*The problem*
Search the material below for the word "chwytak". Copy every line where it is found.

*Task inputs*

● ● ● ● ●

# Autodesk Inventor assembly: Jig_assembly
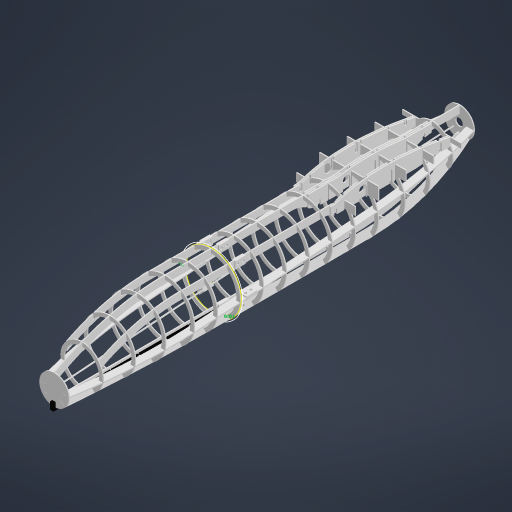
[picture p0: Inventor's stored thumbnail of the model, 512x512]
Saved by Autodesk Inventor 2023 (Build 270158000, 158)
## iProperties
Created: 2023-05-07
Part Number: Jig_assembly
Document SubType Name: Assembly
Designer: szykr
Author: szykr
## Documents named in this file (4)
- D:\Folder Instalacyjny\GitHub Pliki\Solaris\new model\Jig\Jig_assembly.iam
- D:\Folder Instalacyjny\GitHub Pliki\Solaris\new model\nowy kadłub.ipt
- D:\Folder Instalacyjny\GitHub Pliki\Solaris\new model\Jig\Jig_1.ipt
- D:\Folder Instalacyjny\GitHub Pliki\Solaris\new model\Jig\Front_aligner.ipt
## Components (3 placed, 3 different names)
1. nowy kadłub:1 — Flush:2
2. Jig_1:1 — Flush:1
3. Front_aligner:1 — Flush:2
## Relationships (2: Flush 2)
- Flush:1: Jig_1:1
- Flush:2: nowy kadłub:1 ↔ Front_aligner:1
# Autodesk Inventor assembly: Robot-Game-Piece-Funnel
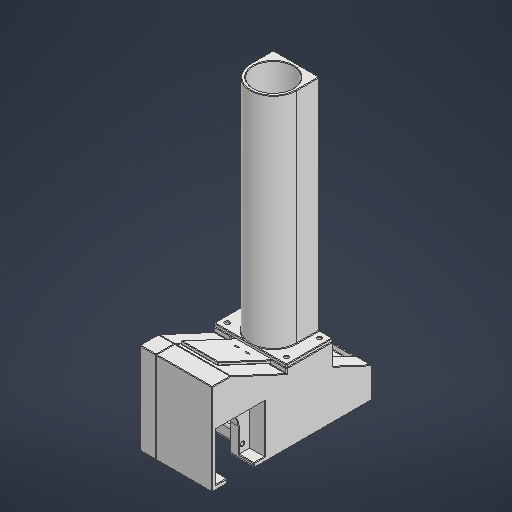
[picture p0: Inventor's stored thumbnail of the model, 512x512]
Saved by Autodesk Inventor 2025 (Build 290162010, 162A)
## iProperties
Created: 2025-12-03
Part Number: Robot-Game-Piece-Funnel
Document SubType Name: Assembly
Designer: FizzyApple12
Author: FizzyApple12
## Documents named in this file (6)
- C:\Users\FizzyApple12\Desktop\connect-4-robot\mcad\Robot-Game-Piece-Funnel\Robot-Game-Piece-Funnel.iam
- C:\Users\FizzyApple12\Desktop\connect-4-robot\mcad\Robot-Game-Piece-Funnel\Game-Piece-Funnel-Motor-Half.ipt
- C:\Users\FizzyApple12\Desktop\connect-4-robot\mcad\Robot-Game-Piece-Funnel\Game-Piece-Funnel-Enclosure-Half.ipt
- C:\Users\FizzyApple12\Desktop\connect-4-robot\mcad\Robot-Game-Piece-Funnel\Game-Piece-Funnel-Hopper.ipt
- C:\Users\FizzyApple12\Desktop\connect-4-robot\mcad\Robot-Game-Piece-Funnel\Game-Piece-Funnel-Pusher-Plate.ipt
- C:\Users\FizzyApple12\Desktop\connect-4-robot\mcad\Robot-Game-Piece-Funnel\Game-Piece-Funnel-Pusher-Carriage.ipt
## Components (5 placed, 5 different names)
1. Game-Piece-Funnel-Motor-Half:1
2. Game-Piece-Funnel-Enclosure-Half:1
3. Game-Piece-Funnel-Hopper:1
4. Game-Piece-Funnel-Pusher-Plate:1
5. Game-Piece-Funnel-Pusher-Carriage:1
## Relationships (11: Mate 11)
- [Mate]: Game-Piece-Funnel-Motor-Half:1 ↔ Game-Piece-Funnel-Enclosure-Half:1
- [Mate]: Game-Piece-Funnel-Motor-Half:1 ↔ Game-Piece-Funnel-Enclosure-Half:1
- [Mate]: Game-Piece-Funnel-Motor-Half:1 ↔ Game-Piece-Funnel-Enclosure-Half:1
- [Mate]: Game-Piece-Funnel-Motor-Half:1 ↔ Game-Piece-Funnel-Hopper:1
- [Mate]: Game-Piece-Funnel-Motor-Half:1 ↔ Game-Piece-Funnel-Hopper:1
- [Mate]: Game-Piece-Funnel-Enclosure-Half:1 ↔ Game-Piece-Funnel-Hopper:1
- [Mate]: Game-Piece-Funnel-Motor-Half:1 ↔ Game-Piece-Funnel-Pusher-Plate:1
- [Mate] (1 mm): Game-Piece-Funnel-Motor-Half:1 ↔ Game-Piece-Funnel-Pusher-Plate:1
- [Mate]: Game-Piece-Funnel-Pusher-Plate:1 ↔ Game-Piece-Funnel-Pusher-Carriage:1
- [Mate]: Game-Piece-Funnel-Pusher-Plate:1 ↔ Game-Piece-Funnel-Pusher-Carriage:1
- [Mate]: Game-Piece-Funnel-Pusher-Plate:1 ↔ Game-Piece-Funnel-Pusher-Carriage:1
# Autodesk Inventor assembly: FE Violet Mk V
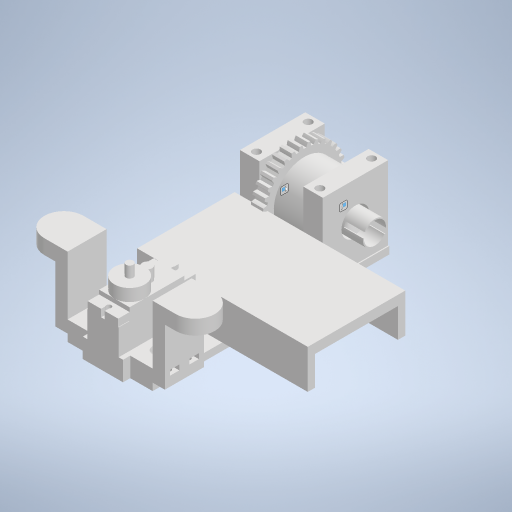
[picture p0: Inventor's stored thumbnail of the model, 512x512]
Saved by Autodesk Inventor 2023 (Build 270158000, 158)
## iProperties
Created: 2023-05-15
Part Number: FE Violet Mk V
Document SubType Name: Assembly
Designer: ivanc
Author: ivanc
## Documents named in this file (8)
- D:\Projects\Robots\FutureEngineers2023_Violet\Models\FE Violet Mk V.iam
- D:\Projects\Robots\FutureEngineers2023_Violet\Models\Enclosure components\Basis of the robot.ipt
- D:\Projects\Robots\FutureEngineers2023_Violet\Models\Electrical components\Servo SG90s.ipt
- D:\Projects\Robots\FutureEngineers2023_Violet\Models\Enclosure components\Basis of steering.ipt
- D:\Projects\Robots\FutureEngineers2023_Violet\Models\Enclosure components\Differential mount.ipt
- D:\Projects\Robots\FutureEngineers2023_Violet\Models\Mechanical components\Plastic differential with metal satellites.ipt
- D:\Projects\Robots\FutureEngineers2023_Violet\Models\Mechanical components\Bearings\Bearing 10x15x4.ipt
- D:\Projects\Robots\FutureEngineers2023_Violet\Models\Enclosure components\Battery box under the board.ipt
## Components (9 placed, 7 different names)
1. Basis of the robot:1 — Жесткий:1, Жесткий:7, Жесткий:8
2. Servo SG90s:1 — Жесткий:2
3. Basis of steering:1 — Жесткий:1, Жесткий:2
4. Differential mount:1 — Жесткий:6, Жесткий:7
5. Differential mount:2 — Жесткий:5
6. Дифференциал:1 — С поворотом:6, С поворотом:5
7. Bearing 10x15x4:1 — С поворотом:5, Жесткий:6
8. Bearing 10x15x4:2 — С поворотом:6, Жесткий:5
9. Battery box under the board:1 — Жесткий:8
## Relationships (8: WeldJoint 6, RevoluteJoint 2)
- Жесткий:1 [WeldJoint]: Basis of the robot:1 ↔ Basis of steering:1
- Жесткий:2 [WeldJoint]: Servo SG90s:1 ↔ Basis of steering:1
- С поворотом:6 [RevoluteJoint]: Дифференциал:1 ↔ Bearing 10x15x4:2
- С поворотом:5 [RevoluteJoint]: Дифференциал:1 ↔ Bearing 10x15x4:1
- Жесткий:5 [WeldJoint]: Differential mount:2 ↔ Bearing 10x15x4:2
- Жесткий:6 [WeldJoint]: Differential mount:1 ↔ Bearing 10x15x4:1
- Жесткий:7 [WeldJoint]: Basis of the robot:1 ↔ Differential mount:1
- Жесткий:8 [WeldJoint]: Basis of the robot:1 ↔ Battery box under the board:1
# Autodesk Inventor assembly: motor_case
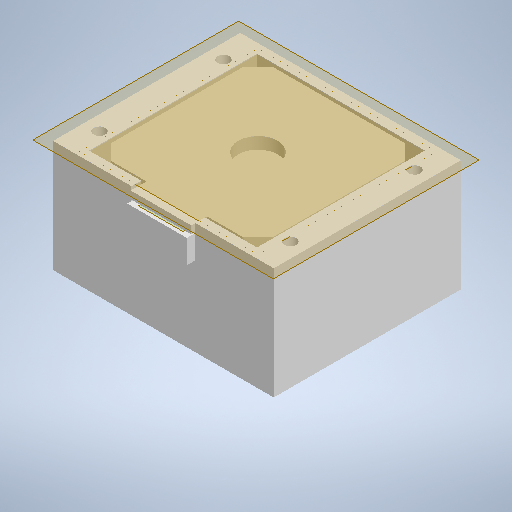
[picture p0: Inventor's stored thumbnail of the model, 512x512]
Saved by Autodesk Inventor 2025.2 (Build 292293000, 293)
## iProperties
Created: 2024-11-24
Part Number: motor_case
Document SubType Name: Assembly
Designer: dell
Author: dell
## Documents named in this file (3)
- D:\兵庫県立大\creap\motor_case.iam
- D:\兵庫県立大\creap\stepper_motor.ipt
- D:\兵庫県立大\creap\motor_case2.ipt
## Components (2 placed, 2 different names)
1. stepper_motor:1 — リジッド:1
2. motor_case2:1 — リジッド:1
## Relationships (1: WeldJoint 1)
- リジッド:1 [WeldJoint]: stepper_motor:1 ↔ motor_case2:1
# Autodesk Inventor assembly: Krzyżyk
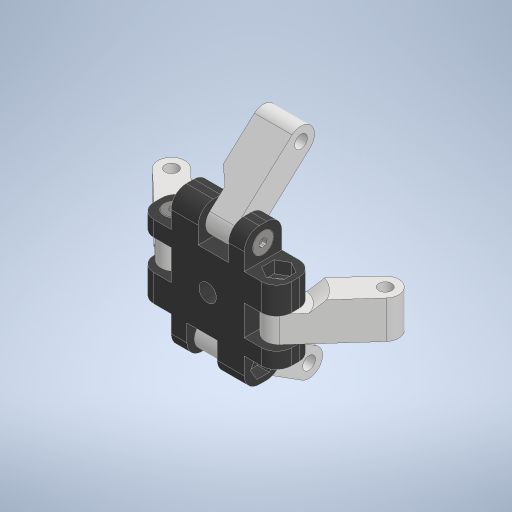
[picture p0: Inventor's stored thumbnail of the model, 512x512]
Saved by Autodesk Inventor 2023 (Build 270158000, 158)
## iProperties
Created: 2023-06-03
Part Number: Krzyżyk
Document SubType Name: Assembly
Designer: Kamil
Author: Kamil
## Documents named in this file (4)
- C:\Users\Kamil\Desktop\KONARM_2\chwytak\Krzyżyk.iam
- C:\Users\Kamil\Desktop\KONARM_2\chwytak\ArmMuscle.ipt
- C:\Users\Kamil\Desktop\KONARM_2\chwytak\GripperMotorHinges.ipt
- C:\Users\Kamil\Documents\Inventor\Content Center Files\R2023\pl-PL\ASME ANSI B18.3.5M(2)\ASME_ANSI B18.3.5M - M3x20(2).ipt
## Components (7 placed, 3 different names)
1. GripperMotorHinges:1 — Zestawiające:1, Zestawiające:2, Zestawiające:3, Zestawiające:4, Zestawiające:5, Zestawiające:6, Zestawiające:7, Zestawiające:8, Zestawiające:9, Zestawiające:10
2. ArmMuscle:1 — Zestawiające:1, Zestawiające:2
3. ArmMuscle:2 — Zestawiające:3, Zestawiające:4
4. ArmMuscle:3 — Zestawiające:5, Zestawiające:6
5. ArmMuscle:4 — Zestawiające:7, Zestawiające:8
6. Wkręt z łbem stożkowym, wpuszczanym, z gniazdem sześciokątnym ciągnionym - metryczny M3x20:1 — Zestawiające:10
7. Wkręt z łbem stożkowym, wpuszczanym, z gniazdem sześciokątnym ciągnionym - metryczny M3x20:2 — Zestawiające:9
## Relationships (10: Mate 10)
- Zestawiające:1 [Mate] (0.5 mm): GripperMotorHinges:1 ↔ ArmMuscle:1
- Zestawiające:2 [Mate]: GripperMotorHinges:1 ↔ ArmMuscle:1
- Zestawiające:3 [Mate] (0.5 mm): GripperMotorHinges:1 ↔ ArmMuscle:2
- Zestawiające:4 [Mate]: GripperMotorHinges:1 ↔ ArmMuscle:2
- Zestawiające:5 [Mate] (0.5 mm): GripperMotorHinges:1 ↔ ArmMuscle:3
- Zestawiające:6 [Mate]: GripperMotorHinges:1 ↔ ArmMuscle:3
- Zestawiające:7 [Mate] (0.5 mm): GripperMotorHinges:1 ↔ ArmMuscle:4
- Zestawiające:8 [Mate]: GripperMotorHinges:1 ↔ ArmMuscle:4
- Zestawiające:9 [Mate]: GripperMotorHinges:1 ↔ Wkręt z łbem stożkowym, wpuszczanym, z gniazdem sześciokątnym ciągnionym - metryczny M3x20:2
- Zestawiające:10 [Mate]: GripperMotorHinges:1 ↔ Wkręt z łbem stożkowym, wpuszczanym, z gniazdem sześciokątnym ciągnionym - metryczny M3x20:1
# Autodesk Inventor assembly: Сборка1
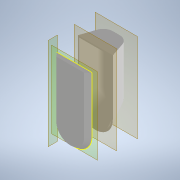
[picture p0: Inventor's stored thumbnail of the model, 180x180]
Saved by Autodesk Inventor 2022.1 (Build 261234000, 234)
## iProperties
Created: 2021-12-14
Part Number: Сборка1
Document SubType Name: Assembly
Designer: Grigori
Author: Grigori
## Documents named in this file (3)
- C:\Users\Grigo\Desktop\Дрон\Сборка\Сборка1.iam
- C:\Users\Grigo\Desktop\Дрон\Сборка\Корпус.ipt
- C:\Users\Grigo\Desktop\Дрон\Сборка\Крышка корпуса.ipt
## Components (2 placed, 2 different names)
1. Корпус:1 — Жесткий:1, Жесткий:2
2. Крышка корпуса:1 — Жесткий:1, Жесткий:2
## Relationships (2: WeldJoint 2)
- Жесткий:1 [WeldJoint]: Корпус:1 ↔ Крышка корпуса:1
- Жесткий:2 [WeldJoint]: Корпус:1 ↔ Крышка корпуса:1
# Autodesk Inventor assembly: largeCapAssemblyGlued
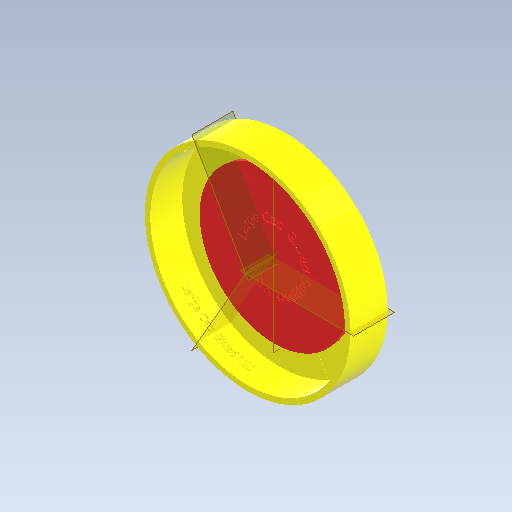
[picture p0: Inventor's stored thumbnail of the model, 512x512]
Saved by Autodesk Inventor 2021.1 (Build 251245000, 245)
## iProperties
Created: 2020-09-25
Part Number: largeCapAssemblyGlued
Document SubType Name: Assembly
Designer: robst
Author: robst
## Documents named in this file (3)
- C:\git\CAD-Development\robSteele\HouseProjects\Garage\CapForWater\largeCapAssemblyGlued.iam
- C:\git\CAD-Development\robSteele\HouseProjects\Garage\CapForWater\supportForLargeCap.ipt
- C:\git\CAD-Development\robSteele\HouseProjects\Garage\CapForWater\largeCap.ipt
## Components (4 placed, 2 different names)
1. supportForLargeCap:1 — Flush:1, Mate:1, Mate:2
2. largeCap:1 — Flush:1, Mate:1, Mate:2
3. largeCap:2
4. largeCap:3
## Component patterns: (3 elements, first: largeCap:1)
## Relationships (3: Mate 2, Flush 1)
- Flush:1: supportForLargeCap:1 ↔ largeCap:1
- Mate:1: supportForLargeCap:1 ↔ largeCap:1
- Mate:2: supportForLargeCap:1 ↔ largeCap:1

● ● ● ● ●

*Solved problem*
- C:\Users\Kamil\Desktop\KONARM_2\chwytak\Krzyżyk.iam
- C:\Users\Kamil\Desktop\KONARM_2\chwytak\ArmMuscle.ipt
- C:\Users\Kamil\Desktop\KONARM_2\chwytak\GripperMotorHinges.ipt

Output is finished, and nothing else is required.